== Aim of the task ==
Record by record, give the entire listing again exactly.
BEGIN
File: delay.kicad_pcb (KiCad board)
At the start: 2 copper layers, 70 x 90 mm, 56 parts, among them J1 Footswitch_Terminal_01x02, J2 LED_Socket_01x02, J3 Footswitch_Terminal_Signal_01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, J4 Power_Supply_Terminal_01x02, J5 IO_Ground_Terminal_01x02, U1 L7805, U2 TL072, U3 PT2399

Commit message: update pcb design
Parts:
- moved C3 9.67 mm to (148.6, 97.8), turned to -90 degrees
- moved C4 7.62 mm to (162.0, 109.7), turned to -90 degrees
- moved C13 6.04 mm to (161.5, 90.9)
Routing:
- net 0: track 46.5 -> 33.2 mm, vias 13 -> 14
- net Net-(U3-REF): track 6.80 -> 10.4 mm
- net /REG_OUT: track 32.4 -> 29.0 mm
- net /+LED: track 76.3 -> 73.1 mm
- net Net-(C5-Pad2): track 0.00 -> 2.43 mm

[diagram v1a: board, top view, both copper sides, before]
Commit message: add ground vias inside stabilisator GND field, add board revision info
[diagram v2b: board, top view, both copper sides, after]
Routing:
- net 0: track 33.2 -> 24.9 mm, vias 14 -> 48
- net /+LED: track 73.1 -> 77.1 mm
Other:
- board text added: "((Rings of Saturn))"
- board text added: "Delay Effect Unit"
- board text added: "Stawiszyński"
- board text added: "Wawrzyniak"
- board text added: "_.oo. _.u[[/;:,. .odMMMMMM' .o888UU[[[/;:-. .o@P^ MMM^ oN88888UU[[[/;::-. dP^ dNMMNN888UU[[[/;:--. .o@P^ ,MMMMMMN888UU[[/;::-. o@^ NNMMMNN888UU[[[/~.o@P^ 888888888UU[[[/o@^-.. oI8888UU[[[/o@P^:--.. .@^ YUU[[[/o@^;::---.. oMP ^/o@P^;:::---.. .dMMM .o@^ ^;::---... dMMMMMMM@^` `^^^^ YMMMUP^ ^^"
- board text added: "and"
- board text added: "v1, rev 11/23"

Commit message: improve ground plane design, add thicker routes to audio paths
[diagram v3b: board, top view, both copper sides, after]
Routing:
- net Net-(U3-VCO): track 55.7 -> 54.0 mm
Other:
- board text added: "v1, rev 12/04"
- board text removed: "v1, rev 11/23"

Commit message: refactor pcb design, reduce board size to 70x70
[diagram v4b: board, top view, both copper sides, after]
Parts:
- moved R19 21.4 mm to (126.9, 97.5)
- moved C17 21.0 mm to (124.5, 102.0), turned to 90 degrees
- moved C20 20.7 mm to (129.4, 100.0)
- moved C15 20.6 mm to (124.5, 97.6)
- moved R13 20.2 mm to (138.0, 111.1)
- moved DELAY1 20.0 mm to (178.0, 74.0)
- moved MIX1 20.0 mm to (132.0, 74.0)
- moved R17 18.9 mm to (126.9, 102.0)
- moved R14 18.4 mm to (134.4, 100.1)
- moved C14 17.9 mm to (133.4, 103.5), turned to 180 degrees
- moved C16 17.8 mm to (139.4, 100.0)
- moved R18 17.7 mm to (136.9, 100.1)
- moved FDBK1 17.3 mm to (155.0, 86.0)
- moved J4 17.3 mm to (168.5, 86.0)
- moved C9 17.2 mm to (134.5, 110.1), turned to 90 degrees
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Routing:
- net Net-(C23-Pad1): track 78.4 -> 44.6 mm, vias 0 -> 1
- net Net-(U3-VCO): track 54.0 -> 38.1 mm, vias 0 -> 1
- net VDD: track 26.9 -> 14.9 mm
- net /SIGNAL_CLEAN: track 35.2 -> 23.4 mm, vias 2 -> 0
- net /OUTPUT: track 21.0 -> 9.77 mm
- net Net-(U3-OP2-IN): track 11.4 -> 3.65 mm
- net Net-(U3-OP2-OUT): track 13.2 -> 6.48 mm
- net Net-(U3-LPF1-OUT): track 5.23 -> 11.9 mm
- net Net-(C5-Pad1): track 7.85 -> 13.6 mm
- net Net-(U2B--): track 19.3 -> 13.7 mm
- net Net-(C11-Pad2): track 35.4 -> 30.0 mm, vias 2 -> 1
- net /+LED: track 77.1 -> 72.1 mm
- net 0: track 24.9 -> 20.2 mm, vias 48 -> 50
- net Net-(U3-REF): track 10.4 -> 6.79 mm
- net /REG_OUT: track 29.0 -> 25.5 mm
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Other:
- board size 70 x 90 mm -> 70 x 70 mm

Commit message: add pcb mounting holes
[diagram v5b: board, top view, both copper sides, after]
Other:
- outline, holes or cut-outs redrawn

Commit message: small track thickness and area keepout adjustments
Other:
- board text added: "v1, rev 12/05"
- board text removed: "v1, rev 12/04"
END
== Exercise response ==
File: delay.kicad_pcb (KiCad board)
At the start: 2 copper layers, 70 x 90 mm, 56 parts, among them J1 Footswitch_Terminal_01x02, J2 LED_Socket_01x02, J3 Footswitch_Terminal_Signal_01, J4 Power_Supply_Terminal_01x02, J5 IO_Ground_Terminal_01x02, U1 L7805, U2 TL072, U3 PT2399

Commit message: update pcb design
Parts:
- moved C3 9.67 mm to (148.6, 97.8), turned to -90 degrees
- moved C4 7.62 mm to (162.0, 109.7), turned to -90 degrees
- moved C13 6.04 mm to (161.5, 90.9)
Routing:
- net 0: track 46.5 -> 33.2 mm, vias 13 -> 14
- net Net-(U3-REF): track 6.80 -> 10.4 mm
- net /REG_OUT: track 32.4 -> 29.0 mm
- net /+LED: track 76.3 -> 73.1 mm
- net Net-(C5-Pad2): track 0.00 -> 2.43 mm

[diagram v1a: board, top view, both copper sides, before]
Commit message: add ground vias inside stabilisator GND field, add board revision info
[diagram v2b: board, top view, both copper sides, after]
Routing:
- net 0: track 33.2 -> 24.9 mm, vias 14 -> 48
- net /+LED: track 73.1 -> 77.1 mm
Other:
- board text added: "((Rings of Saturn))"
- board text added: "Delay Effect Unit"
- board text added: "Stawiszyński"
- board text added: "Wawrzyniak"
- board text added: "_.oo. _.u[[/;:,. .odMMMMMM' .o888UU[[[/;:-. .o@P^ MMM^ oN88888UU[[[/;::-. dP^ dNMMNN888UU[[[/;:--. .o@P^ ,MMMMMMN888UU[[/;::-. o@^ NNMMMNN888UU[[[/~.o@P^ 888888888UU[[[/o@^-.. oI8888UU[[[/o@P^:--.. .@^ YUU[[[/o@^;::---.. oMP ^/o@P^;:::---.. .dMMM .o@^ ^;::---... dMMMMMMM@^` `^^^^ YMMMUP^ ^^"
- board text added: "and"
- board text added: "v1, rev 11/23"

Commit message: improve ground plane design, add thicker routes to audio paths
[diagram v3b: board, top view, both copper sides, after]
Routing:
- net Net-(U3-VCO): track 55.7 -> 54.0 mm
Other:
- board text added: "v1, rev 12/04"
- board text removed: "v1, rev 11/23"

Commit message: refactor pcb design, reduce board size to 70x70
[diagram v4b: board, top view, both copper sides, after]
Parts:
- moved R19 21.4 mm to (126.9, 97.5)
- moved C17 21.0 mm to (124.5, 102.0), turned to 90 degrees
- moved C20 20.7 mm to (129.4, 100.0)
- moved C15 20.6 mm to (124.5, 97.6)
- moved R13 20.2 mm to (138.0, 111.1)
- moved DELAY1 20.0 mm to (178.0, 74.0)
- moved MIX1 20.0 mm to (132.0, 74.0)
- moved R17 18.9 mm to (126.9, 102.0)
- moved R14 18.4 mm to (134.4, 100.1)
- moved C14 17.9 mm to (133.4, 103.5), turned to 180 degrees
- moved C16 17.8 mm to (139.4, 100.0)
- moved R18 17.7 mm to (136.9, 100.1)
- moved FDBK1 17.3 mm to (155.0, 86.0)
- moved J4 17.3 mm to (168.5, 86.0)
- moved C9 17.2 mm to (134.5, 110.1), turned to 90 degrees
Routing:
- net Net-(C23-Pad1): track 78.4 -> 44.6 mm, vias 0 -> 1
- net Net-(U3-VCO): track 54.0 -> 38.1 mm, vias 0 -> 1
- net VDD: track 26.9 -> 14.9 mm
- net /SIGNAL_CLEAN: track 35.2 -> 23.4 mm, vias 2 -> 0
- net /OUTPUT: track 21.0 -> 9.77 mm
- net Net-(U3-OP2-IN): track 11.4 -> 3.65 mm
- net Net-(U3-OP2-OUT): track 13.2 -> 6.48 mm
- net Net-(U3-LPF1-OUT): track 5.23 -> 11.9 mm
- net Net-(C5-Pad1): track 7.85 -> 13.6 mm
- net Net-(U2B--): track 19.3 -> 13.7 mm
- net Net-(C11-Pad2): track 35.4 -> 30.0 mm, vias 2 -> 1
- net /+LED: track 77.1 -> 72.1 mm
- net 0: track 24.9 -> 20.2 mm, vias 48 -> 50
- net Net-(U3-REF): track 10.4 -> 6.79 mm
- net /REG_OUT: track 29.0 -> 25.5 mm
Other:
- board size 70 x 90 mm -> 70 x 70 mm

Commit message: add pcb mounting holes
[diagram v5b: board, top view, both copper sides, after]
Other:
- outline, holes or cut-outs redrawn

Commit message: small track thickness and area keepout adjustments
Other:
- board text added: "v1, rev 12/05"
- board text removed: "v1, rev 12/04"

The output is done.